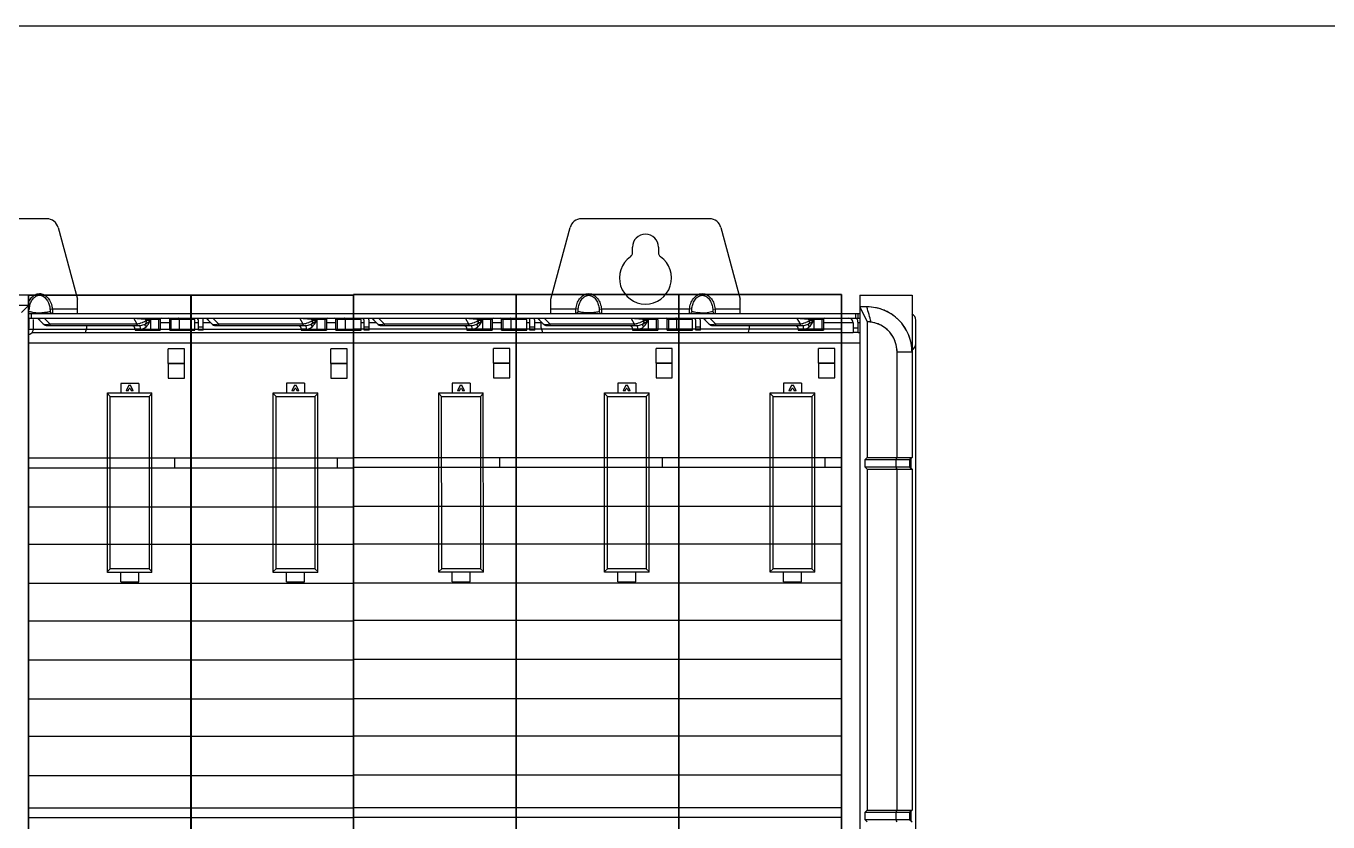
# Model space of a CAD drawing. Header units: millimetres. Extents: x 30557 to 235556, y -116603 to -73383.
# Drawn here: x 53030.9 to 53306.5, y -74001.9 to -73833.4 of the extents above; entities that cross this region are included whole.
import ezdxf

# ---------------------------------------------------------------- set-up
doc = ezdxf.new("R2010")
doc.units = ezdxf.units.MM

# ---------------------------------------------------------------- blocks, each defined once
blk = doc.blocks.new('1756-A10-Z')
at = {"color": 7, "linetype": 'Continuous'}
for p, q in [((215.51, 24.85), (188.4, 24.85)), ((355.83, 24.85), (328.72, 24.85)), ((217.93, 22.99), (222, 7.81)), ((322.23, 7.81), (326.3, 22.99)), ((358.25, 22.99), (362.32, 7.81)), ((339.52, 17.64), (339.52, 18.83)), ((345.03, 18.83), (345.03, 17.64)), ((211.64, 8.7), (201.72, 8.7)), ((211.64, -136.82), (211.64, 8.7)), ((387.68, 8.71), (398.7, 8.71)), ((387.68, 8.71), (387.68, -136.42)), ((398.7, 8.71), (398.7, -25.67)), ((211.64, 6.5), (201.72, 6.5)), ((211.64, 6.5), (210.14, 5)), ((222, 4.8), (222, 7.81)), ((322.23, 4.8), (322.23, 7.81)), ((362.32, 4.8), (362.32, 7.81)), ((389.15, 6.2), (387.68, 6.2)), ((387.68, 6.2), (389.18, 3.05)), ((211.64, 4.8), (387.68, 4.8)), ((211.64, 3.8), (387.68, 3.8)), ((211.69, 3.55), (211.69, 1.69)), ((212.24, 4.8), (212.24, 3.8)), ((212.69, 1.69), (212.69, 3.55)), ((213.64, 3.72), (214.77, 2.59)), ((239.54, 3.55), (239.54, 1.25)), ((241.55, 1.25), (241.55, 3.55)), ((246.87, 1.25), (246.87, 3.55)), ((247.66, 1.25), (247.66, 3.3)), ((248.66, 1.25), (248.66, 3.3)), ((249.32, 3.72), (250.46, 2.59)), ((274.72, 3.55), (274.72, 1.25)), ((276.73, 1.25), (276.73, 3.55)), ((282.05, 1.25), (282.05, 3.55)), ((282.74, 1.25), (282.74, 3.3)), ((283.74, 1.25), (283.74, 3.3)), ((284.4, 3.72), (285.53, 2.59)), ((309.8, 3.55), (309.8, 1.25)), ((311.81, 1.25), (311.81, 3.55)), ((317.13, 1.25), (317.13, 3.55)), ((317.82, 1.25), (317.82, 3.3)), ((318.82, 1.25), (318.82, 3.3)), ((319.48, 3.72), (320.61, 2.59)), ((320.22, 1.79), (320.22, 2.98)), ((344.88, 3.55), (344.88, 1.25)), ((346.88, 1.25), (346.88, 3.55)), ((352.21, 1.25), (352.21, 3.55)), ((352.9, 1.25), (352.9, 3.3)), ((353.9, 1.25), (353.9, 3.3)), ((354.56, 3.72), (355.69, 2.59)), ((379.96, 3.55), (379.96, 1.25)), ((386.27, 2.8), (386.27, 0.79)), ((386.73, 4.8), (386.73, 3.8)), ((387.28, 0.79), (387.28, 2.8)), ((389.18, 3.05), (389.18, -25.67)), ((399.5, -131.13), (399.5, 3.42)), ((212.35, 0.78), (386.27, 0.78)), ((215.59, 2.25), (235.09, 2.25)), ((223.74, 0.78), (224.01, 1.79)), ((224.01, 1.79), (224.01, 2.25)), ((234.22, 1.5), (234.22, 1.25)), ((234.22, 1.25), (239.54, 1.25)), ((241.55, 1.25), (246.87, 1.25)), ((248.66, 1.25), (247.66, 1.25)), ((251.27, 2.25), (270.27, 2.25)), ((269.4, 1.5), (269.4, 1.25)), ((269.4, 1.25), (274.72, 1.25)), ((276.73, 1.25), (282.05, 1.25)), ((283.74, 1.25), (282.74, 1.25)), ((286.35, 2.25), (305.35, 2.25)), ((304.47, 1.5), (304.47, 1.25)), ((304.47, 1.25), (309.8, 1.25)), ((311.81, 1.25), (317.13, 1.25)), ((318.82, 1.25), (317.82, 1.25)), ((320.22, 1.79), (320.5, 0.78)), ((321.43, 2.25), (340.43, 2.25)), ((339.55, 1.5), (339.55, 1.25)), ((339.55, 1.25), (344.88, 1.25)), ((346.88, 1.25), (352.21, 1.25)), ((353.9, 1.25), (352.9, 1.25)), ((356.51, 2.25), (375.51, 2.25)), ((364.05, 0.78), (364.32, 1.79)), ((364.32, 1.79), (364.32, 2.25)), ((374.63, 1.5), (374.63, 1.25)), ((374.63, 1.25), (379.96, 1.25)), ((387.28, 0.79), (386.27, 0.79)), ((387.28, 0.78), (387.68, 0.78)), ((211.64, -1.44), (387.68, -1.42)), ((395.54, -25.67), (395.54, -3.35)), ((231.17, -9.99), (231.17, -12.02)), ((234.98, -9.99), (231.17, -9.99)), ((232.88, -10.39), (232.32, -11.59)), ((232.88, -10.39), (233.27, -10.39)), ((233.83, -11.59), (233.27, -10.39)), ((234.98, -9.99), (234.98, -12.02)), ((270.06, -9.98), (266.24, -9.98)), ((266.24, -9.98), (266.25, -12.01)), ((267.96, -10.38), (267.4, -11.59)), ((267.96, -10.38), (268.35, -10.38)), ((268.91, -11.59), (268.35, -10.38)), ((270.06, -9.98), (270.06, -12.01)), ((305.14, -9.98), (301.32, -9.98)), ((301.32, -9.98), (301.32, -12.01)), ((303.04, -10.38), (302.48, -11.58)), ((303.04, -10.38), (303.42, -10.38)), ((303.99, -11.58), (303.42, -10.38)), ((305.14, -9.98), (305.14, -12.01)), ((340.22, -9.97), (336.4, -9.97)), ((336.4, -9.97), (336.4, -12)), ((338.12, -10.37), (337.56, -11.58)), ((338.12, -10.37), (338.5, -10.37)), ((339.06, -11.58), (338.5, -10.37)), ((340.22, -9.97), (340.22, -12)), ((375.3, -9.97), (371.48, -9.97)), ((371.48, -9.97), (371.48, -12)), ((373.2, -10.37), (372.64, -11.57)), ((373.2, -10.37), (373.58, -10.37)), ((374.14, -11.57), (373.58, -10.37)), ((375.3, -9.97), (375.3, -12)), ((228.36, -12.02), (237.79, -12.01)), ((228.37, -50), (228.36, -12.02)), ((228.36, -12.17), (228.97, -12.77)), ((228.97, -49.25), (228.97, -12.77)), ((228.97, -12.77), (237.18, -12.77)), ((232.72, -11.59), (232.32, -11.59)), ((232.72, -11.59), (232.95, -11.1)), ((233.2, -11.1), (232.95, -11.1)), ((233.2, -11.1), (233.43, -11.59)), ((233.83, -11.59), (233.43, -11.59)), ((237.79, -12.17), (237.18, -12.77)), ((237.18, -12.77), (237.19, -49.25)), ((237.79, -50), (237.79, -12.01)), ((263.44, -12.01), (272.87, -12.01)), ((263.45, -50), (263.44, -12.01)), ((263.44, -12.16), (264.05, -12.76)), ((264.05, -12.76), (272.26, -12.76)), ((264.05, -49.25), (264.05, -12.76)), ((267.8, -11.59), (267.4, -11.59)), ((267.8, -11.59), (268.03, -11.09)), ((268.27, -11.09), (268.03, -11.09)), ((268.27, -11.09), (268.51, -11.59)), ((268.91, -11.59), (268.51, -11.59)), ((272.87, -12.16), (272.26, -12.76)), ((272.26, -12.76), (272.27, -49.25)), ((272.87, -50), (272.87, -12.01)), ((298.52, -12.01), (307.94, -12.01)), ((298.53, -49.99), (298.52, -12.01)), ((298.52, -12.16), (299.12, -12.76)), ((299.12, -12.76), (307.34, -12.76)), ((299.13, -49.24), (299.12, -12.76)), ((302.88, -11.58), (302.48, -11.58)), ((302.88, -11.58), (303.11, -11.09)), ((303.35, -11.09), (303.11, -11.09)), ((303.35, -11.09), (303.58, -11.58)), ((303.99, -11.58), (303.58, -11.58)), ((307.94, -12.16), (307.34, -12.76)), ((307.34, -12.76), (307.35, -49.24)), ((307.95, -49.99), (307.94, -12.01)), ((333.6, -12), (343.02, -12)), ((333.61, -49.99), (333.6, -12)), ((333.6, -12.15), (334.2, -12.76)), ((334.2, -12.76), (342.42, -12.75)), ((334.21, -49.24), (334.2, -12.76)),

ACTION ITEM: Return every line from the entries that holds the string "ezdxf".

SOLUTION TO THE EXERCISE:
import ezdxf
doc = ezdxf.new("R2010")
doc.units = ezdxf.units.MM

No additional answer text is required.